AI-based Image Enhancement and Optical Distortion Correction for 3D Integral Imaging and Display using Fermi-Level Pinning-Free and Low-Resistance Single-Pixel Imager
Copyright © 2025 Korean Institute of Broadcast and Media Engineers. All rights reserved.
“This is an Open-Access article distributed under the terms of the Creative Commons BY-NC-ND (http://creativecommons.org/licenses/by-nc-nd/3.0) which permits unrestricted non-commercial use, distribution, and reproduction in any medium, provided the original work is properly cited and not altered.”
Abstract
This study proposes an image enhancement framework for three-dimensional (3D) integral imaging using low-resistance single-pixel sensors with suppressed Fermi-level pinning (FLP). Although these sensors provide stable charge transport and reliable operation, their application to 3D imaging is constrained by low spatial resolution, scanning-induced noise, and geometric distortion. To address these limitations, the framework integrates noise suppression, deep learning-based super-resolution (SR), and an optical correction stage. Noise suppression stabilizes image acquisition under limited signal conditions, while SR restores fine structural details. In addition, optical correction reduces distortion and improves inter-view alignment, enabling more accurate 3D reconstructions. The framework operates robustly even in the absence of ground-truth reference data, mitigating the degradation typically observed in conventional single-pixel imaging. Experimental results confirm significant improvements in perceptual quality, and the reconstructed 3D scenes exhibit enhanced spatial consistency and realistic depth. Overall, the results demonstrate the feasibility of compact single-pixel-based 3D imaging systems for high-fidelity integral visualization.
초록
본 연구는 페르미 준위 고정(Fermi-level pinning, FLP)이 억제된 저저항 단일 화소 센서를 기반으로, 3차원 집적 영상에서 발생하는 해상도 저하와 기하학적 왜곡 문제를 개선하기 위한 영상 향상 프레임워크를 제안한다. 해당 센서는 안정적인 동작 특성을 지니고 있으나, 저해상도, 스캐닝 노이즈, 기하학적 왜곡 등으로 3D 집적 영상에 응용하기에는 제약이 존재한다. 이를 개선하기 위해 본 연구에서는 노이즈 억제와 딥러닝 기반 초해상도 복원을 결합하고, 추가적인 광학적 보정 단계를 도입하여 영상 품질과 재구성 정확도를 향상시켰다. 본 프레임워크는 데이터가 제한된 조건에서도 안정적으로 동작하며, 기존 단일 화소 기반 영상에서 발생하는 품질 저하 문제를 효과적으로 감소시켰다. 실험 결과, 영상의 해상도와 구조적 세부 표현이 뚜렷하게 향상되었으며, 시각적 비교에서도 재구성된 3차원 집적 영상이 공간적 일관성과 깊이감 측면에서 개선된 모습을 확인할 수 있었다.
Keywords:
Fermi-level pinning (FLP)-free, Single-pixel imaging, Integral imaging, Super-resolution enhancement, Optical distortion correctionⅠ. Introduction
The Fermi level defines the energy distribution of electrons in solids and underpins charge transport phenomena. At metal-semiconductor interfaces, however, Fermi-level pinning (FLP) often arises and prevents the formation of an ideal Schottky barrier height (SBH). In principle, the SBH can be tuned by selecting metals with different work functions. Yet interface-induced states—such as metal- and defect-induced gap states (MIGS and DIGS)—fix the Fermi level at specific energies. As a result, large SBHs form regardless of the metal’s work function, reducing charge collection and fundamentally limiting the performance of 2D semiconductor optoelectronic devices.

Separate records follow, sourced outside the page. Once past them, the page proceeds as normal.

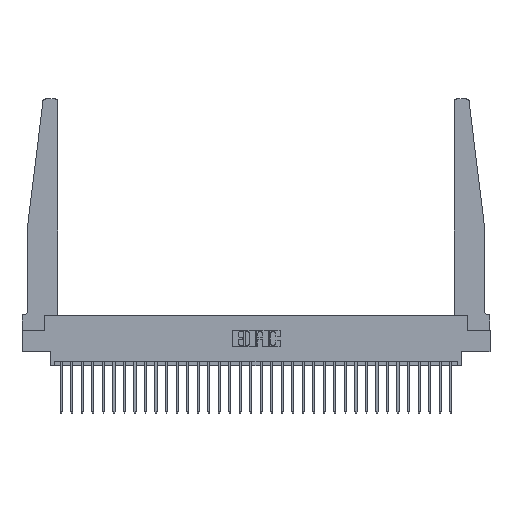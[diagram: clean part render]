
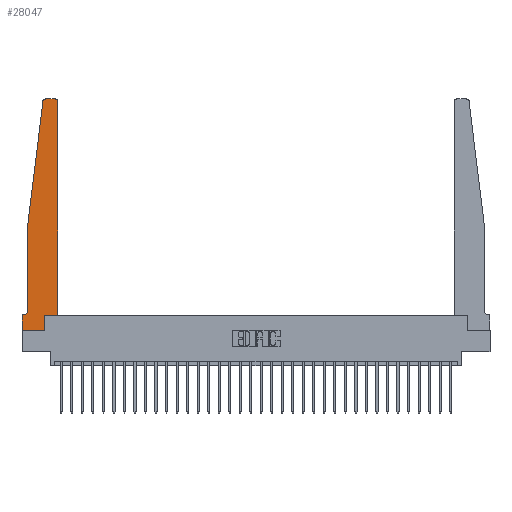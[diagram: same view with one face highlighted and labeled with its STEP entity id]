
A CAD part, top view. The second image highlights one B-rep face of the part: STEP entity #28047.
In plain terms, the highlighted planar face has unit normal (0, 0, 1).
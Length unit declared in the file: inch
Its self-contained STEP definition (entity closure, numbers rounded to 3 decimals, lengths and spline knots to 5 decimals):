
#4 = CARTESIAN_POINT ( 'NONE',  ( 0.2605, 0.18, 0.37 ) ) ;
#64 = CARTESIAN_POINT ( 'NONE',  ( 0.065, 1.25, 0.37 ) ) ;
#149 = EDGE_CURVE ( 'NONE', #13328, #24282, #19817, .T. ) ;
#173 = LINE ( 'NONE', #25071, #18149 ) ;
#198 = EDGE_CURVE ( 'NONE', #22602, #14079, #6574, .T. ) ;
#297 = AXIS2_PLACEMENT_3D ( 'NONE', #17921, #3856, #20277 ) ;
#447 = DIRECTION ( 'NONE',  ( 0., -1., 0. ) ) ;
#453 = ORIENTED_EDGE ( 'NONE', *, *, #2646, .T. ) ;
#564 = LINE ( 'NONE', #24142, #19291 ) ;
#714 = VERTEX_POINT ( 'NONE', #6569 ) ;
#2646 = EDGE_CURVE ( 'NONE', #14079, #714, #11584, .T. ) ;
#2734 = CARTESIAN_POINT ( 'NONE',  ( 0.2605, 0., 0.37 ) ) ;
#3519 = EDGE_CURVE ( 'NONE', #15726, #22602, #564, .T. ) ;
#3856 = DIRECTION ( 'NONE',  ( 0., 0., 1. ) ) ;
#3988 = CIRCLE ( 'NONE', #297, 0.03 ) ;
#4840 = ORIENTED_EDGE ( 'NONE', *, *, #3519, .T. ) ;
#5045 = ORIENTED_EDGE ( 'NONE', *, *, #9958, .T. ) ;
#5574 = VERTEX_POINT ( 'NONE', #11334 ) ;
#5793 = VERTEX_POINT ( 'NONE', #2734 ) ;
#6006 = ORIENTED_EDGE ( 'NONE', *, *, #19001, .T. ) ;
#6182 = PLANE ( 'NONE',  #12419 ) ;
#6186 = CARTESIAN_POINT ( 'NONE',  ( 0.395, 2.75, 0.37 ) ) ;
#6201 = VERTEX_POINT ( 'NONE', #20670 ) ;
#6569 = CARTESIAN_POINT ( 'NONE',  ( 0.27653, 2.75, 0.37 ) ) ;
#6574 = CIRCLE ( 'NONE', #19021, 0.03 ) ;
#7242 = ORIENTED_EDGE ( 'NONE', *, *, #18036, .T. ) ;
#7309 = DIRECTION ( 'NONE',  ( 0., 0., 1. ) ) ;
#7549 = CARTESIAN_POINT ( 'NONE',  ( 0.015, 0.2375, 0.37 ) ) ;
#7737 = EDGE_CURVE ( 'NONE', #714, #13328, #3988, .T. ) ;
#7908 = LINE ( 'NONE', #12232, #20424 ) ;
#8537 = DIRECTION ( 'NONE',  ( 1., 0., 0. ) ) ;
#8771 = ORIENTED_EDGE ( 'NONE', *, *, #9410, .T. ) ;
#9410 = EDGE_CURVE ( 'NONE', #24282, #5574, #9431, .T. ) ;
#9431 = LINE ( 'NONE', #28832, #27373 ) ;
#9907 = DIRECTION ( 'NONE',  ( -1., 0., 0. ) ) ;
#9958 = EDGE_CURVE ( 'NONE', #22032, #5793, #7908, .T. ) ;
#9962 = AXIS2_PLACEMENT_3D ( 'NONE', #7549, #23994, #9907 ) ;
#10068 = DIRECTION ( 'NONE',  ( 0., 1., 0. ) ) ;
#10505 = CARTESIAN_POINT ( 'NONE',  ( 0.425, 2.72, 0.37 ) ) ;
#11292 = EDGE_CURVE ( 'NONE', #5793, #28333, #24026, .T. ) ;
#11334 = CARTESIAN_POINT ( 'NONE',  ( 0.065, 0.2375, 0.37 ) ) ;
#11584 = LINE ( 'NONE', #13816, #29523 ) ;
#11925 = VECTOR ( 'NONE', #19597, 39.37008 ) ;
#11956 = CARTESIAN_POINT ( 'NONE',  ( 0.065, 1.25, 0.37 ) ) ;
#12232 = CARTESIAN_POINT ( 'NONE',  ( 0., 0., 0.37 ) ) ;
#12419 = AXIS2_PLACEMENT_3D ( 'NONE', #13137, #22621, #8537 ) ;
#12478 = CARTESIAN_POINT ( 'NONE',  ( 0.425, 0.18, 0.37 ) ) ;
#13137 = CARTESIAN_POINT ( 'NONE',  ( 0., 0.1875, 0.37 ) ) ;
#13328 = VERTEX_POINT ( 'NONE', #26236 ) ;
#13373 = DIRECTION ( 'NONE',  ( -1., 0., 0. ) ) ;
#13684 = ORIENTED_EDGE ( 'NONE', *, *, #14488, .T. ) ;
#13816 = CARTESIAN_POINT ( 'NONE',  ( 0.25, 2.75, 0.37 ) ) ;
#13954 = VECTOR ( 'NONE', #447, 39.37008 ) ;
#14079 = VERTEX_POINT ( 'NONE', #6186 ) ;
#14488 = EDGE_CURVE ( 'NONE', #15586, #22032, #20193, .T. ) ;
#15395 = EDGE_LOOP ( 'NONE', ( #453, #19104, #16856, #8771, #26163, #6006, #13684, #5045, #29624, #7242, #4840, #25875 ) ) ;
#15586 = VERTEX_POINT ( 'NONE', #16396 ) ;
#15726 = VERTEX_POINT ( 'NONE', #17007 ) ;
#16396 = CARTESIAN_POINT ( 'NONE',  ( 0., 0.1875, 0.37 ) ) ;
#16477 = DIRECTION ( 'NONE',  ( -0.122, -0.992, 0. ) ) ;
#16856 = ORIENTED_EDGE ( 'NONE', *, *, #149, .T. ) ;
#17007 = CARTESIAN_POINT ( 'NONE',  ( 0.425, 0.18, 0.37 ) ) ;
#17921 = CARTESIAN_POINT ( 'NONE',  ( 0.27653, 2.72, 0.37 ) ) ;
#18036 = EDGE_CURVE ( 'NONE', #28333, #15726, #18203, .T. ) ;
#18149 = VECTOR ( 'NONE', #13373, 39.37008 ) ;
#18203 = LINE ( 'NONE', #12478, #11925 ) ;
#19001 = EDGE_CURVE ( 'NONE', #6201, #15586, #173, .T. ) ;
#19021 = AXIS2_PLACEMENT_3D ( 'NONE', #21410, #7309, #23761 ) ;
#19104 = ORIENTED_EDGE ( 'NONE', *, *, #7737, .T. ) ;
#19291 = VECTOR ( 'NONE', #10068, 39.37008 ) ;
#19597 = DIRECTION ( 'NONE',  ( 1., 0., 0. ) ) ;
#19817 = LINE ( 'NONE', #64, #25303 ) ;
#20193 = LINE ( 'NONE', #26165, #13954 ) ;
#20277 = DIRECTION ( 'NONE',  ( 1., 0., 0. ) ) ;
#20424 = VECTOR ( 'NONE', #28599, 39.37008 ) ;
#20670 = CARTESIAN_POINT ( 'NONE',  ( 0.015, 0.1875, 0.37 ) ) ;
#21056 = CARTESIAN_POINT ( 'NONE',  ( 0.2605, 0.18, 0.37 ) ) ;
#21410 = CARTESIAN_POINT ( 'NONE',  ( 0.395, 2.72, 0.37 ) ) ;
#21589 = EDGE_CURVE ( 'NONE', #5574, #6201, #27894, .T. ) ;
#22032 = VERTEX_POINT ( 'NONE', #27233 ) ;
#22550 = VECTOR ( 'NONE', #23489, 39.37008 ) ;
#22602 = VERTEX_POINT ( 'NONE', #10505 ) ;
#22621 = DIRECTION ( 'NONE',  ( 0., 0., 1. ) ) ;
#23489 = DIRECTION ( 'NONE',  ( 0., 1., 0. ) ) ;
#23761 = DIRECTION ( 'NONE',  ( 1., 0., 0. ) ) ;
#23994 = DIRECTION ( 'NONE',  ( 0., 0., -1. ) ) ;
#24026 = LINE ( 'NONE', #4, #22550 ) ;
#24142 = CARTESIAN_POINT ( 'NONE',  ( 0.425, 0.18, 0.37 ) ) ;
#24282 = VERTEX_POINT ( 'NONE', #11956 ) ;
#24289 = DIRECTION ( 'NONE',  ( 0., -1., 0. ) ) ;
#25071 = CARTESIAN_POINT ( 'NONE',  ( 0.065, 0.1875, 0.37 ) ) ;
#25303 = VECTOR ( 'NONE', #16477, 39.37008 ) ;
#25492 = DIRECTION ( 'NONE',  ( -1., 0., 0. ) ) ;
#25875 = ORIENTED_EDGE ( 'NONE', *, *, #198, .T. ) ;
#26163 = ORIENTED_EDGE ( 'NONE', *, *, #21589, .T. ) ;
#26165 = CARTESIAN_POINT ( 'NONE',  ( 0., 0., 0.37 ) ) ;
#26236 = CARTESIAN_POINT ( 'NONE',  ( 0.24675, 2.72367, 0.37 ) ) ;
#27233 = CARTESIAN_POINT ( 'NONE',  ( 0., 0., 0.37 ) ) ;
#27373 = VECTOR ( 'NONE', #24289, 39.37008 ) ;
#27510 = FACE_OUTER_BOUND ( 'NONE', #15395, .T. ) ;
#27894 = CIRCLE ( 'NONE', #9962, 0.05 ) ;
#28047 = ADVANCED_FACE ( 'NONE', ( #27510 ), #6182, .T. ) ;
#28333 = VERTEX_POINT ( 'NONE', #21056 ) ;
#28599 = DIRECTION ( 'NONE',  ( 1., 0., 0. ) ) ;
#28832 = CARTESIAN_POINT ( 'NONE',  ( 0.065, 1.25, 0.37 ) ) ;
#29523 = VECTOR ( 'NONE', #25492, 39.37008 ) ;
#29624 = ORIENTED_EDGE ( 'NONE', *, *, #11292, .T. ) ;
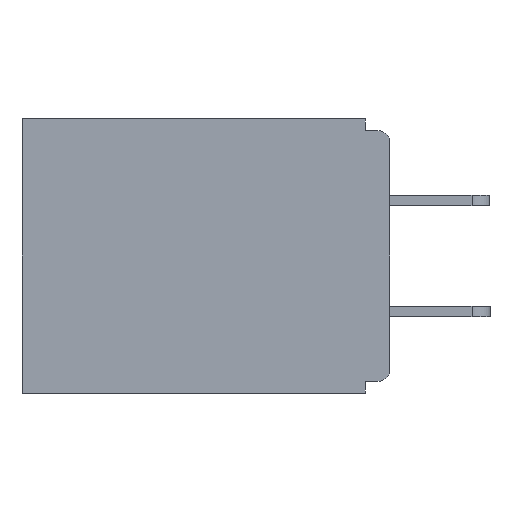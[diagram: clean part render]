
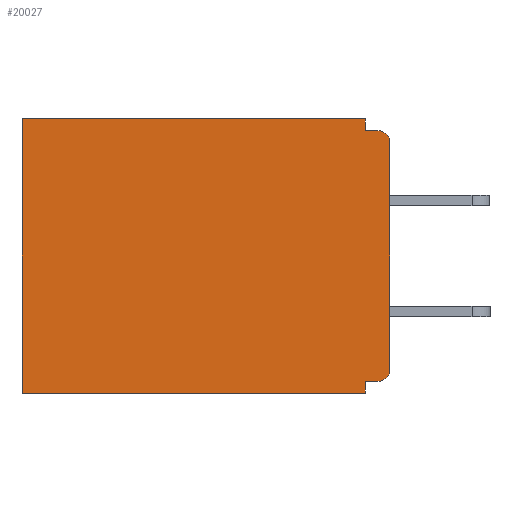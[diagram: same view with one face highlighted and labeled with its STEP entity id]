
A CAD part, left-side view. The second image highlights one B-rep face of the part: STEP entity #20027.
In plain terms, the highlighted planar face has unit normal (-1, 0, 0).
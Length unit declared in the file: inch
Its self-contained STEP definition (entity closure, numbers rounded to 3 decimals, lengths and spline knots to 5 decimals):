
#210 = ORIENTED_EDGE ( 'NONE', *, *, #13971, .F. ) ;
#419 = CARTESIAN_POINT ( 'NONE',  ( 0.298, 0.031, -0.343 ) ) ;
#1116 = VERTEX_POINT ( 'NONE', #11512 ) ;
#1251 = LINE ( 'NONE', #30633, #23784 ) ;
#1352 = DIRECTION ( 'NONE',  ( 1., 0., 0. ) ) ;
#1537 = ORIENTED_EDGE ( 'NONE', *, *, #21710, .F. ) ;
#1559 = CARTESIAN_POINT ( 'NONE',  ( 0.298, 0., -0.03 ) ) ;
#1603 = CARTESIAN_POINT ( 'NONE',  ( 0.298, 0., -0.015 ) ) ;
#1911 = DIRECTION ( 'NONE',  ( 0., -1., 0. ) ) ;
#2063 = CARTESIAN_POINT ( 'NONE',  ( 0.298, 0.46, 0. ) ) ;
#2917 = CARTESIAN_POINT ( 'NONE',  ( 0.298, 0., 0. ) ) ;
#3060 = VERTEX_POINT ( 'NONE', #15132 ) ;
#3548 = CARTESIAN_POINT ( 'NONE',  ( 0.298, 0.015, -0.328 ) ) ;
#3685 = CARTESIAN_POINT ( 'NONE',  ( 0.298, 0., -0.343 ) ) ;
#4551 = CARTESIAN_POINT ( 'NONE',  ( 0.298, 0.031, -0.015 ) ) ;
#4816 = LINE ( 'NONE', #419, #7767 ) ;
#5355 = CIRCLE ( 'NONE', #9895, 0.015 ) ;
#5632 = VECTOR ( 'NONE', #11586, 39.37008 ) ;
#5863 = DIRECTION ( 'NONE',  ( 0., 1., 0. ) ) ;
#6736 = ORIENTED_EDGE ( 'NONE', *, *, #17041, .T. ) ;
#6958 = DIRECTION ( 'NONE',  ( 0., 1., 0. ) ) ;
#7558 = VECTOR ( 'NONE', #1911, 39.37008 ) ;
#7767 = VECTOR ( 'NONE', #28937, 39.37008 ) ;
#8092 = EDGE_CURVE ( 'NONE', #8858, #3060, #17706, .T. ) ;
#8224 = LINE ( 'NONE', #2063, #5632 ) ;
#8240 = CARTESIAN_POINT ( 'NONE',  ( 0.298, 0.031, -0.328 ) ) ;
#8338 = LINE ( 'NONE', #26484, #27598 ) ;
#8685 = EDGE_CURVE ( 'NONE', #15061, #13435, #27621, .T. ) ;
#8858 = VERTEX_POINT ( 'NONE', #13055 ) ;
#9020 = CARTESIAN_POINT ( 'NONE',  ( 0.298, 0.015, -0.313 ) ) ;
#9219 = LINE ( 'NONE', #25035, #11056 ) ;
#9457 = LINE ( 'NONE', #12687, #12055 ) ;
#9739 = DIRECTION ( 'NONE',  ( 0., 1., 0. ) ) ;
#9808 = LINE ( 'NONE', #1603, #7558 ) ;
#9895 = AXIS2_PLACEMENT_3D ( 'NONE', #9020, #11432, #27947 ) ;
#9903 = EDGE_CURVE ( 'NONE', #12690, #1116, #8338, .T. ) ;
#10054 = ORIENTED_EDGE ( 'NONE', *, *, #10057, .F. ) ;
#10057 = EDGE_CURVE ( 'NONE', #12690, #20954, #9457, .T. ) ;
#10503 = CARTESIAN_POINT ( 'NONE',  ( 0.298, 0.015, -0.03 ) ) ;
#10683 = DIRECTION ( 'NONE',  ( 0., 0., -1. ) ) ;
#10989 = FACE_OUTER_BOUND ( 'NONE', #19047, .T. ) ;
#11056 = VECTOR ( 'NONE', #27823, 39.37008 ) ;
#11432 = DIRECTION ( 'NONE',  ( -1., 0., 0. ) ) ;
#11512 = CARTESIAN_POINT ( 'NONE',  ( 0.298, 0.46, 0. ) ) ;
#11586 = DIRECTION ( 'NONE',  ( 0., 0., -1. ) ) ;
#12055 = VECTOR ( 'NONE', #24542, 39.37008 ) ;
#12687 = CARTESIAN_POINT ( 'NONE',  ( 0.298, 0.031, -0.343 ) ) ;
#12690 = VERTEX_POINT ( 'NONE', #27588 ) ;
#12796 = DIRECTION ( 'NONE',  ( -1., 0., 0. ) ) ;
#12840 = VERTEX_POINT ( 'NONE', #8240 ) ;
#13055 = CARTESIAN_POINT ( 'NONE',  ( 0.298, 0.031, -0.343 ) ) ;
#13435 = VERTEX_POINT ( 'NONE', #22293 ) ;
#13971 = EDGE_CURVE ( 'NONE', #12840, #8858, #4816, .T. ) ;
#14561 = VERTEX_POINT ( 'NONE', #27530 ) ;
#15061 = VERTEX_POINT ( 'NONE', #1559 ) ;
#15132 = CARTESIAN_POINT ( 'NONE',  ( 0.298, 0.46, -0.343 ) ) ;
#16329 = ORIENTED_EDGE ( 'NONE', *, *, #9903, .T. ) ;
#16596 = ORIENTED_EDGE ( 'NONE', *, *, #29246, .F. ) ;
#16963 = VECTOR ( 'NONE', #5863, 39.37008 ) ;
#17041 = EDGE_CURVE ( 'NONE', #18634, #14561, #5355, .T. ) ;
#17511 = ORIENTED_EDGE ( 'NONE', *, *, #8685, .T. ) ;
#17706 = LINE ( 'NONE', #3685, #16963 ) ;
#18634 = VERTEX_POINT ( 'NONE', #3548 ) ;
#19047 = EDGE_LOOP ( 'NONE', ( #17511, #1537, #10054, #16329, #24799, #30374, #210, #22255, #6736, #16596 ) ) ;
#19914 = DIRECTION ( 'NONE',  ( 0., 0., -1. ) ) ;
#20027 = ADVANCED_FACE ( 'NONE', ( #10989 ), #28859, .F. ) ;
#20954 = VERTEX_POINT ( 'NONE', #4551 ) ;
#21710 = EDGE_CURVE ( 'NONE', #20954, #13435, #9808, .T. ) ;
#22255 = ORIENTED_EDGE ( 'NONE', *, *, #26667, .F. ) ;
#22293 = CARTESIAN_POINT ( 'NONE',  ( 0.298, 0.015, -0.015 ) ) ;
#23092 = EDGE_CURVE ( 'NONE', #1116, #3060, #8224, .T. ) ;
#23784 = VECTOR ( 'NONE', #6958, 39.37008 ) ;
#24542 = DIRECTION ( 'NONE',  ( 0., 0., -1. ) ) ;
#24799 = ORIENTED_EDGE ( 'NONE', *, *, #23092, .T. ) ;
#25035 = CARTESIAN_POINT ( 'NONE',  ( 0.298, 0., 0. ) ) ;
#25571 = AXIS2_PLACEMENT_3D ( 'NONE', #10503, #12796, #19914 ) ;
#25803 = AXIS2_PLACEMENT_3D ( 'NONE', #2917, #1352, #10683 ) ;
#26484 = CARTESIAN_POINT ( 'NONE',  ( 0.298, 0., 0. ) ) ;
#26667 = EDGE_CURVE ( 'NONE', #18634, #12840, #1251, .T. ) ;
#27530 = CARTESIAN_POINT ( 'NONE',  ( 0.298, 0., -0.313 ) ) ;
#27588 = CARTESIAN_POINT ( 'NONE',  ( 0.298, 0.031, 0. ) ) ;
#27598 = VECTOR ( 'NONE', #9739, 39.37008 ) ;
#27621 = CIRCLE ( 'NONE', #25571, 0.015 ) ;
#27823 = DIRECTION ( 'NONE',  ( 0., 0., -1. ) ) ;
#27947 = DIRECTION ( 'NONE',  ( 0., 0., -1. ) ) ;
#28859 = PLANE ( 'NONE',  #25803 ) ;
#28937 = DIRECTION ( 'NONE',  ( 0., 0., -1. ) ) ;
#29246 = EDGE_CURVE ( 'NONE', #15061, #14561, #9219, .T. ) ;
#30374 = ORIENTED_EDGE ( 'NONE', *, *, #8092, .F. ) ;
#30633 = CARTESIAN_POINT ( 'NONE',  ( 0.298, 0., -0.328 ) ) ;

In our previous work[1], we addressed this challenge by implementing a photodiode structure designed to suppress FLP, thereby improving charge transport and signal stability. To validate the device, we employed a single-pixel imaging setup in which viewpoint images were sequentially acquired through mechanical scanning[2,3]. These elemental images were reconstructed into 3D scenes using a microlens array-based integral imaging technique, which synthesizes depth from multiple perspectives.
While this configuration effectively demonstrated the sensor’s signal stability and feasibility for 3D imaging, several practical challenges emerged during implementation. As a single-pixel imaging approach, the method offers advantages of low cost, simple architecture, and spectral flexibility. Yet the inherently low photocurrent necessitates sequential scanning, during which signal fluctuations accumulate and manifest as acquisition noise. In addition, optical distortions—particularly pincushion effects on the display side—compromised reconstruction fidelity. Collectively, these issues motivated a system-level enhancement strategy to improve image quality and spatial consistency in single-pixel integral imaging.
To address these challenges, this study extends our previous work by proposing a system-level enhancement framework based on a low-resistance, FLP-mitigated single-pixel imager. The proposed approach integrates computational and optical strategies to improve the quality of 3D reconstruction in integral imaging systems. A two-stage computational pipeline combines non-local filtering with deep learning-based SR to suppress noise and restore spatial detail. In parallel, geometric distortion is reduced through optical design, using a fixed-focal-length Fresnel lens and optimized lens-display spacing. This integrated strategy enables accurate 3D reconstruction with consistent inter-view alignment. An overview of the system architecture is provided in Fig 1.
Ⅱ. Methods
1. 3D Integral Imaging Setup
A single-pixel photodiode previously developed with a conductive-bridge interlayer contact (CBIC) structure was employed as the imaging sensor[1]. This architecture suppresses Fermi-level pinning by mitigating metal- and defect-induced gap states, thereby enabling stable charge transport suitable for reliable 2D/3D image acquisition. For elemental image acquisition, the photodiode was mechanically translated across a uniform grid using a motorized XY stage, while a stationary object was illuminated by a white LED (~1000 lux). RGB elemental images were sequentially captured at 450, 550, and 650 nm through narrow bandpass filters, and multiple frames were averaged at each wavelength to improve the signal-to-noise ratio. The resulting dataset was then used to validate the proposed noise suppression, SR enhancement, and optical distortion correction framework.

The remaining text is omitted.